Stage 3: In-Memory Loading and PhantomStealer Injection 

PowerShell decrypts Autorise131.Tel, extracts raw bytes, and loads the resulting .NET assembly directly in memory (T1620). The final payload, PhantomStealer, is then injected into msiexec.exe, allowing it to run under a trusted Windows process and steal data without creating a conventional executable on disk (T1055, T1218.007). 

Execution chain: wscript.exe → explorer.exe → explorer.exe (COM) → powershell.exe → msiexec.exe 

Review the complete execution chain and behavioral indicators in the JSGuLdr analysis session.  

Track similar activity with TI Lookup 

Use the following TI Lookup query to identify related JSGuLdr activity, pivot from shared IOCs, and uncover additional loader variants across recent submissions. 

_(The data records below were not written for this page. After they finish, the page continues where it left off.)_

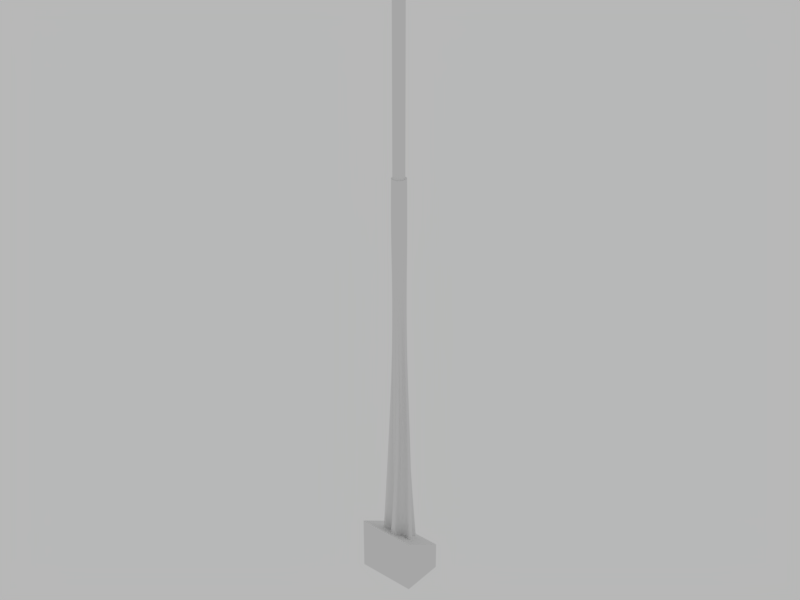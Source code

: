 # Source: filius-flitwick-print-2.blend  (saved by Blender 2.79.0; exported with 4.5.12 LTS)
import bpy
from mathutils import Matrix  # noqa: F401  (used for matrix-valued properties, if any)

bpy.ops.wm.read_factory_settings(use_empty=True)
scene = bpy.context.scene
scene.name = 'Scene'

# ---- collections
col_collection_1 = bpy.data.collections.new('Collection 1'); scene.collection.children.link(col_collection_1)

# ---- materials (node trees are filled in below, after node groups)
mat_material = bpy.data.materials.new('Material')
mat_material.alpha_threshold = 0.0
mat_material.diffuse_color = (0.8, 0.172, 0.2016, 1.0)
mat_material.roughness = 0.5

# ---- material node trees
mat_material.use_nodes = True; mat_material.node_tree.nodes.clear()
_N = mat_material.node_tree.nodes; _L = mat_material.node_tree.links
n0 = _N.new('ShaderNodeOutputMaterial'); n0.name = 'Material Output'; n0.location = (300, 300)
n1 = _N.new('ShaderNodeBsdfDiffuse'); n1.name = 'Diffuse BSDF'; n1.location = (10, 300)
_L.new(n1.outputs[0], n0.inputs[0])
n0.is_active_output = True

# ---- world
world_world = bpy.data.worlds.new('World'); scene.world = world_world
world_world.use_nodes = True; world_world.node_tree.nodes.clear()
_N = world_world.node_tree.nodes; _L = world_world.node_tree.links
n0 = _N.new('ShaderNodeOutputWorld'); n0.name = 'World Output'; n0.location = (300, 300)
n1 = _N.new('ShaderNodeBackground'); n1.name = 'Background'; n1.location = (10, 300)
n1.inputs[0].default_value = (0.477, 0.477, 0.477, 1.0)
_L.new(n1.outputs[0], n0.inputs[0])
n0.is_active_output = True
world_world.color = (0.05088, 0.05088, 0.05088)
world_world.use_sun_shadow = False
world_world.sun_shadow_jitter_overblur = 0.0
world_world.cycles.sampling_method = 'MANUAL'

# ---- meshes
me_cube_001 = bpy.data.meshes.new('Cube.001')
me_cube_001.from_pydata([(-110.0, -110.0, 9.537e-07), (-110.0, -110.0, 250.0), (-110.0, 110.0, 9.537e-07), (-110.0, 110.0, 250.0), (110.0, -110.0, 9.537e-07), (110.0, -110.0, 250.0), (110.0, 110.0, 9.537e-07), (110.0, 110.0, 250.0)], [], [(0, 1, 3, 2), (2, 3, 7, 6), (6, 7, 5, 4), (4, 5, 1, 0), (2, 6, 4, 0), (7, 3, 1, 5)])
me_cube_001.use_remesh_preserve_volume = False
me_cube_001.use_remesh_preserve_attributes = False
me_cube_001.use_mirror_vertex_groups = False
me_cube_001.update()
me_cube = bpy.data.meshes.new('Cube')
me_cube.from_pydata([(17.72, 14.23, -16.36), (17.72, 14.23, 1.05), (17.72, -11.91, -16.36), (17.72, -11.91, 17.19), (-17.72, 14.23, -16.36), (-17.72, 14.23, 1.05), (-17.72, -11.91, -16.36), (-17.72, -11.91, 17.19)], [], [(0, 1, 3, 2), (2, 3, 7, 6), (6, 7, 5, 4), (4, 5, 1, 0), (2, 6, 4, 0), (7, 3, 1, 5)])
me_cube.use_remesh_preserve_volume = False
me_cube.use_remesh_preserve_attributes = False
me_cube.use_mirror_vertex_groups = False
me_cube.update()
me_cylinder_005 = bpy.data.meshes.new('Cylinder.005')
me_cylinder_005.from_pydata([(0.0, 3.332, 9.317), (0.0, 3.332, 316.8), (0.65, 3.268, 9.317), (0.65, 3.268, 316.8), (1.275, 3.078, 9.317), (1.275, 3.078, 316.8), (1.851, 2.77, 9.317), (1.851, 2.77, 316.8), (2.356, 2.356, 9.317), (2.356, 2.356, 316.8), (2.77, 1.851, 9.317), (2.77, 1.851, 316.8), (3.078, 1.275, 9.317), (3.078, 1.275, 316.8), (3.268, 0.65, 9.317), (3.268, 0.65, 316.8), (3.332, 2.515e-07, 9.317), (3.332, 2.515e-07, 316.8), (3.268, -0.65, 9.317), (3.268, -0.65, 316.8), (3.078, -1.275, 9.317), (3.078, -1.275, 316.8), (2.77, -1.851, 9.317), (2.77, -1.851, 316.8), (2.356, -2.356, 9.317), (2.356, -2.356, 316.8), (1.851, -2.77, 9.317), (1.851, -2.77, 316.8), (1.275, -3.078, 9.317), (1.275, -3.078, 316.8), (0.65, -3.268, 9.317), (0.65, -3.268, 316.8), (-1.086e-06, -3.332, 9.317), (-1.086e-06, -3.332, 316.8), (-0.65, -3.268, 9.317), (-0.65, -3.268, 316.8), (-1.275, -3.078, 9.317), (-1.275, -3.078, 316.8), (-1.851, -2.77, 9.317), (-1.851, -2.77, 316.8), (-2.356, -2.356, 9.317), (-2.356, -2.356, 316.8), (-2.77, -1.851, 9.317), (-2.77, -1.851, 316.8), (-3.078, -1.275, 9.317), (-3.078, -1.275, 316.8), (-3.268, -0.65, 9.317), (-3.268, -0.65, 316.8), (-3.332, 3.217e-06, 9.317), (-3.332, 3.217e-06, 316.8), (-3.268, 0.65, 9.317), (-3.268, 0.65, 316.8), (-3.078, 1.275, 9.317), (-3.078, 1.275, 316.8), (-2.77, 1.851, 9.317), (-2.77, 1.851, 316.8), (-2.356, 2.356, 9.317), (-2.356, 2.356, 316.8), (-1.851, 2.77, 9.317), (-1.851, 2.77, 316.8), (-1.275, 3.078, 9.317), (-1.275, 3.078, 316.8), (-0.65, 3.268, 9.317), (-0.65, 3.268, 316.8)], [], [(0, 1, 3, 2), (2, 3, 5, 4), (4, 5, 7, 6), (6, 7, 9, 8), (8, 9, 11, 10), (10, 11, 13, 12), (12, 13, 15, 14), (14, 15, 17, 16), (16, 17, 19, 18), (18, 19, 21, 20), (20, 21, 23, 22), (22, 23, 25, 24), (24, 25, 27, 26), (26, 27, 29, 28), (28, 29, 31, 30), (30, 31, 33, 32), (32, 33, 35, 34), (34, 35, 37, 36), (36, 37, 39, 38), (38, 39, 41, 40), (40, 41, 43, 42), (42, 43, 45, 44), (44, 45, 47, 46), (46, 47, 49, 48), (48, 49, 51, 50), (50, 51, 53, 52), (52, 53, 55, 54), (54, 55, 57, 56), (56, 57, 59, 58), (58, 59, 61, 60), (3, 1, 63, 61, 59, 57, 55, 53, 51, 49, 47, 45, 43, 41, 39, 37, 35, 33, 31, 29, 27, 25, 23, 21, 19, 17, 15, 13, 11, 9, 7, 5), (60, 61, 63, 62), (62, 63, 1, 0), (0, 2, 4, 6, 8, 10, 12, 14, 16, 18, 20, 22, 24, 26, 28, 30, 32, 34, 36, 38, 40, 42, 44, 46, 48, 50, 52, 54, 56, 58, 60, 62)])
me_cylinder_005.materials.append(mat_material)
me_cylinder_005.use_remesh_preserve_volume = False
me_cylinder_005.use_remesh_preserve_attributes = False
me_cylinder_005.use_mirror_vertex_groups = False
me_cylinder_005.update()
me_cubeziercircle_000 = bpy.data.meshes.new('CUBezierCircle.000')
me_cubeziercircle_000.from_pydata([(-10.84, -1.746, 0.0), (-10.77, 0.3709, -1.224e-06), (-9.305, 1.574, -1.567e-06), (-7.046, 2.194, -1.322e-06), (-4.593, 2.561, -7.833e-07), (-2.547, 3.004, -2.448e-07), (-1.508, 3.854, 0.0), (-0.8033, 6.569, -2.064e-07), (-0.2687, 8.763, -6.604e-07), (0.2919, 10.39, -1.115e-06), (1.075, 11.42, -1.321e-06), (2.276, 11.8, -1.032e-06), (4.091, 11.49, 0.0), (5.12, 10.59, 5.709e-07), (5.11, 9.106, 2.72e-07), (4.569, 7.285, -4.156e-07), (4.005, 5.381, -1.011e-06), (3.924, 3.644, -1.033e-06), (4.836, 2.326, 0.0), (6.368, 1.583, 9.62e-07), (8.073, 1.018, 1.097e-06), (9.697, 0.4698, 7.369e-07), (10.99, -0.2213, 2.129e-07), (11.69, -1.215, -1.432e-07), (11.55, -2.673, 0.0), (10.8, -3.569, 1.038e-07), (9.737, -3.492, -2.634e-07), (8.434, -2.932, -7.795e-07), (6.957, -2.379, -1.122e-06), (5.371, -2.323, -9.699e-07), (3.745, -3.254, 0.0), (3.136, -4.355, 4.312e-07), (3.003, -5.701, 2.372e-07), (3.078, -7.099, -2.425e-07), (3.091, -8.358, -6.683e-07), (2.773, -9.286, -7.007e-07), (1.855, -9.693, 0.0), (0.4834, -9.329, 1.281e-06), (-0.2626, -8.229, 1.989e-06), (-0.5981, -6.708, 2.179e-06), (-0.738, -5.08, 1.908e-06), (-0.8969, -3.66, 1.229e-06), (-1.29, -2.763, 1.981e-07), (-2.774, -2.219, -1.395e-06), (-4.561, -2.542, -1.452e-06), (-6.456, -3.196, -6.551e-07), (-8.264, -3.64, 3.089e-07), (-9.79, -3.336, 7.556e-07), (-4.251, -0.3534, 191.9), (-4.293, 0.1567, 191.9), (-4.26, 0.8082, 191.9), (-4.141, 1.435, 191.9), (-3.888, 2.109, 191.9), (-3.495, 2.811, 191.9), (-3.003, 3.398, 191.9), (-2.324, 3.952, 191.9), (-1.715, 4.277, 191.9), (-1.065, 4.528, 191.9), (-0.4866, 4.648, 191.9), (0.1222, 4.696, 191.9), (0.6207, 4.658, 191.9), (1.157, 4.562, 191.9), (1.666, 4.402, 191.9), (2.126, 4.198, 191.9), (2.495, 3.984, 191.9), (2.831, 3.74, 191.9), (3.121, 3.501, 191.9), (3.506, 3.089, 191.9), (3.869, 2.591, 191.9), (4.136, 2.087, 191.9), (4.33, 1.566, 191.9), (4.475, 0.9137, 191.9), (4.531, 0.2448, 191.9), (4.476, -0.407, 191.9), (4.362, -0.9045, 191.9), (4.225, -1.331, 191.9), (4.011, -1.779, 191.9), (3.826, -2.107, 191.9), (3.594, -2.44, 191.9), (3.222, -2.848, 191.9), (2.761, -3.245, 191.9), (2.264, -3.571, 191.9), (1.55, -3.891, 191.9), (0.8395, -4.069, 191.9), (0.09244, -4.133, 191.9), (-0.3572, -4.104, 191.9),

commandLine:”windowssystem32″ and imagePath:”explorer.exe” 

Gathered IOCs: 

• URL: hxxps://drive[.]google[.]com/uc?export=download&id=1gUB_fKBej5Va_l3ZSEXk_7r5Q4EeJuwd  

• Files: %APPDATA%Registreri62, %APPDATA%Autorise131[.]Tel  

• CMD: powershell.exe “$Citize=$env:appdata+’Registreri62′;$Guazuma=gc $Citize;$Aristape=$Guazuma[4460..4462] -join ”” 

Threat Intelligence Report 1: PDFChampions, Efimer, and BTMOB 

Full analysis in TI Report  

This Threat Brief provides a focused breakdown of three active threats, including how each sample behaves in the sandbox, its persistence and execution patterns, and the key detection points analysts can rely on. The report includes details about process activity, file system changes, network behavior, and extracted indicators, along with TI Lookup queries tailored to each malware family; PDFChampions’ mutex-based signature, Efimer’s Tor-based curl command, and BTMOB’s Android configuration file. 

PDFChampions (Windows) 

A browser hijacker distributed via malvertising that also acts as a loader. It changes the default search engine, terminates competing browsers, and can download and run additional payloads directly in memory.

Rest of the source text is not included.